▶ Task directions
Scan the data below and state the number of lines that include the word "system", adding no comment.

▶ Entries shown
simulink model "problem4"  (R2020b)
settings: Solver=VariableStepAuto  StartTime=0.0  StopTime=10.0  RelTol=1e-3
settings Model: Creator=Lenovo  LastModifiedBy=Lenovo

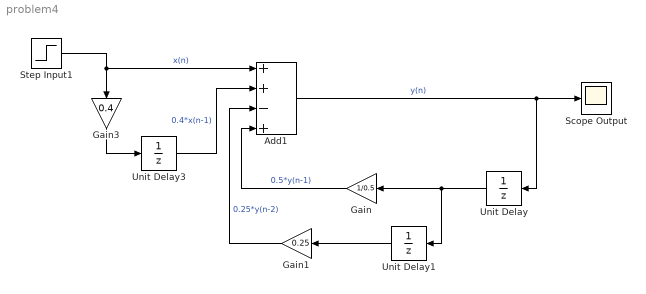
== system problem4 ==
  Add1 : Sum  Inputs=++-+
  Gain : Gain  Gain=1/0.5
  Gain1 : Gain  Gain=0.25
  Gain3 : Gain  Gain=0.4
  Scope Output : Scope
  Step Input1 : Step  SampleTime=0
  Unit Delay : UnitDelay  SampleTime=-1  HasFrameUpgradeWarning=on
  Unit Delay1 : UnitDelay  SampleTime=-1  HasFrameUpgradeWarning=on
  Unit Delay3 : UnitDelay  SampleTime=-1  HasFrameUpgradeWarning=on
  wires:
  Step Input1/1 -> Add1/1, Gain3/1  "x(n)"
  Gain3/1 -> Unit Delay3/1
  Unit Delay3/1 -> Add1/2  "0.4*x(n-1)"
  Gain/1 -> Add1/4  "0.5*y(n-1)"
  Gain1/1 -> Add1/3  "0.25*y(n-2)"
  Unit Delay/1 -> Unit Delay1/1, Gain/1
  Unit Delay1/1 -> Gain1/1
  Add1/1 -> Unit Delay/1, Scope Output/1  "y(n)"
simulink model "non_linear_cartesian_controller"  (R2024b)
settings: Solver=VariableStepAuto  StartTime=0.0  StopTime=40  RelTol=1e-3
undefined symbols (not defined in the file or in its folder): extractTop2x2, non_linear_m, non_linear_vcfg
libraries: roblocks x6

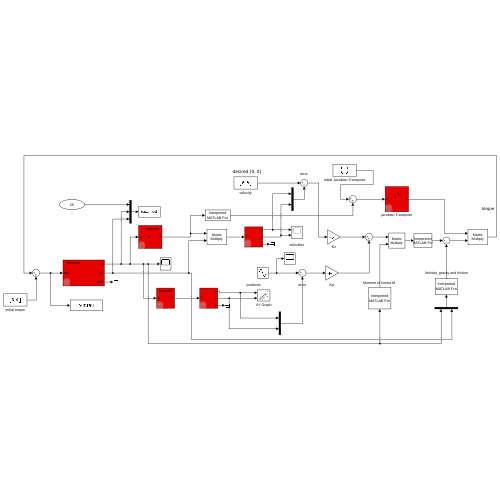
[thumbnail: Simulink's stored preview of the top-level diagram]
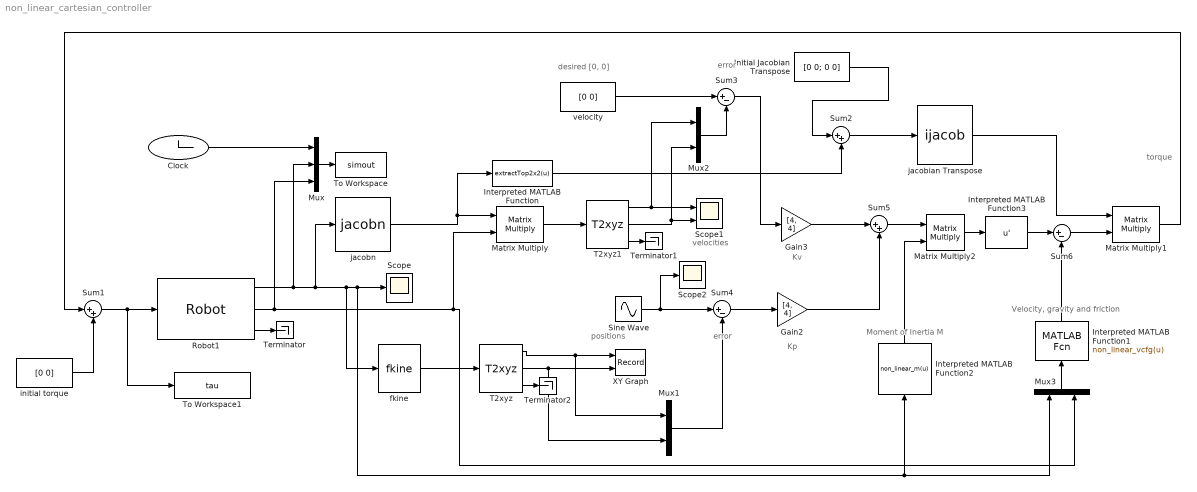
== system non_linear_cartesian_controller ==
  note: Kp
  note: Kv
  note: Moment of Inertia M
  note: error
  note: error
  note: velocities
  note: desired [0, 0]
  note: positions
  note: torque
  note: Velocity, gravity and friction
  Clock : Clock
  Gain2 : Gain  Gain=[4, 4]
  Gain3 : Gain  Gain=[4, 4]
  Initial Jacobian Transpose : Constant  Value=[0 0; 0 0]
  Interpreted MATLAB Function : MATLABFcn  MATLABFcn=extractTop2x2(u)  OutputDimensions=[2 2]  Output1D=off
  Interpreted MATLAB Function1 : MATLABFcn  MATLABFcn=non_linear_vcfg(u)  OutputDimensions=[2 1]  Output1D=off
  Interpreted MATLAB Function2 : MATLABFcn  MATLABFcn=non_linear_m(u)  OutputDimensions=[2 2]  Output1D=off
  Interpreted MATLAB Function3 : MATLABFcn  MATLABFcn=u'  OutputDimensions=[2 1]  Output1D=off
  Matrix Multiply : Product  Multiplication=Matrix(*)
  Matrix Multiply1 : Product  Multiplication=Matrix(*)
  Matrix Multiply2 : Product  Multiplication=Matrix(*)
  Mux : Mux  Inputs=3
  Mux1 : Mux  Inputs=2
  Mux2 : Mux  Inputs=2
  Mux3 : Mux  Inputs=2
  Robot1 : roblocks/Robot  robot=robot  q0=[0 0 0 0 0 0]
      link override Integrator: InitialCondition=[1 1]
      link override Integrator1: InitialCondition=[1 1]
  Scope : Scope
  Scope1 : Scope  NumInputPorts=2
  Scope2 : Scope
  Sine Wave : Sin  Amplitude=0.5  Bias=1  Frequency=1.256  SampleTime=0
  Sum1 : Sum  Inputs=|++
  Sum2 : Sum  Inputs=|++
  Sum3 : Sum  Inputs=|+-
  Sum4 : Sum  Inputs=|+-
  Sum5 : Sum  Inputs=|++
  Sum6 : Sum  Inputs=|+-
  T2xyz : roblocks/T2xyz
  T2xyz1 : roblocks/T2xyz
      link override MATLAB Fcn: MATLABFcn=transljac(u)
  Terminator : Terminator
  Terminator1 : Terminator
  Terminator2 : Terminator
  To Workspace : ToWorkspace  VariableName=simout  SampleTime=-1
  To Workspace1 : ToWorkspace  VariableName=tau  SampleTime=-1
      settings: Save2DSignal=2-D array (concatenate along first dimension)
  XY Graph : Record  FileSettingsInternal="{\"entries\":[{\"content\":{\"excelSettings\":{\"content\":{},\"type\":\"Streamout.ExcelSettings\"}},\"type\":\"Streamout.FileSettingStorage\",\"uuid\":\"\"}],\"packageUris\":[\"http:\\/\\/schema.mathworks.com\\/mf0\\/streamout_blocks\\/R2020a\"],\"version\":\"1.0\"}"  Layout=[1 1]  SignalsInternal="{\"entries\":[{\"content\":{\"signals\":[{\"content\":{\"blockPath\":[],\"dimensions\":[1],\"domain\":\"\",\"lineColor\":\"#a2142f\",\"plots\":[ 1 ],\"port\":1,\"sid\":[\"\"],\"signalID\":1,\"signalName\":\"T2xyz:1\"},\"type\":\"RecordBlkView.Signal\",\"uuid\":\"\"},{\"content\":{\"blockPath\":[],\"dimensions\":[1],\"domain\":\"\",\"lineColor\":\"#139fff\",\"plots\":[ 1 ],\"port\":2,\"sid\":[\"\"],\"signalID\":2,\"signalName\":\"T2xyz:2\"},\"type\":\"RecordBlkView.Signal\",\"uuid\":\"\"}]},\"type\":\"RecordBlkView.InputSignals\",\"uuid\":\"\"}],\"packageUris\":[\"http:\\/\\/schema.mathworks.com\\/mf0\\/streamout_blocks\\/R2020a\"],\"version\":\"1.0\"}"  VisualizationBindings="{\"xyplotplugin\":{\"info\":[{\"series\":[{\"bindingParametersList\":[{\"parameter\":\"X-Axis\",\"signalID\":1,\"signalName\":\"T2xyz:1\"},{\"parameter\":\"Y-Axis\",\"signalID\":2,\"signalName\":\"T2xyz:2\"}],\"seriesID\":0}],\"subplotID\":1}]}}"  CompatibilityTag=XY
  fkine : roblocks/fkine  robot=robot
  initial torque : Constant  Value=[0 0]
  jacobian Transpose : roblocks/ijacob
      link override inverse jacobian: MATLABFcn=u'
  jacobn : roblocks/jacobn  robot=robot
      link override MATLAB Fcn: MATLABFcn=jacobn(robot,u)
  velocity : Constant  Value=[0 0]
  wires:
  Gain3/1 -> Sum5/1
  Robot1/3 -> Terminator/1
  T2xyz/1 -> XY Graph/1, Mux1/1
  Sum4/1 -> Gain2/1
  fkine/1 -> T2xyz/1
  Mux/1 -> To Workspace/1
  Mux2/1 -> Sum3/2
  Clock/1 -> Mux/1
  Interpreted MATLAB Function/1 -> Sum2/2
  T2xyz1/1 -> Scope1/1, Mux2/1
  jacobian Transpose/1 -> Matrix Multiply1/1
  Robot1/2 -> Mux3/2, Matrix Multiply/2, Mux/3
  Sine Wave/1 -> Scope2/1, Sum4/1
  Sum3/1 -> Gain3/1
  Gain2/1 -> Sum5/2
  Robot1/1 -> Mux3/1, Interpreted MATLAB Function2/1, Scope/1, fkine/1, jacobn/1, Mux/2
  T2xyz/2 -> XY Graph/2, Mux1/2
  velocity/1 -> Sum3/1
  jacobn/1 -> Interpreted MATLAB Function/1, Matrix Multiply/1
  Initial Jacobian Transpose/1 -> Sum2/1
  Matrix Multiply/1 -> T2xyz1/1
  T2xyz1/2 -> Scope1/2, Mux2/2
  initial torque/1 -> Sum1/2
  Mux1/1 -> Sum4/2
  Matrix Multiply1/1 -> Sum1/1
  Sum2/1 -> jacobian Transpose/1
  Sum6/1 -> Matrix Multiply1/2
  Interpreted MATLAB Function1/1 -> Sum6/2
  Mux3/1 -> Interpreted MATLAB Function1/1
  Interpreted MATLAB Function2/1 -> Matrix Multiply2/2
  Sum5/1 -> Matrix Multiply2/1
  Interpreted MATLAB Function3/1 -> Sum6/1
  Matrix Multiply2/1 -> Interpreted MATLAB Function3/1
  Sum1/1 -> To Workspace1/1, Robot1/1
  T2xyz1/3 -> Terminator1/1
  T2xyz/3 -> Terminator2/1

▶ Solution for this task
2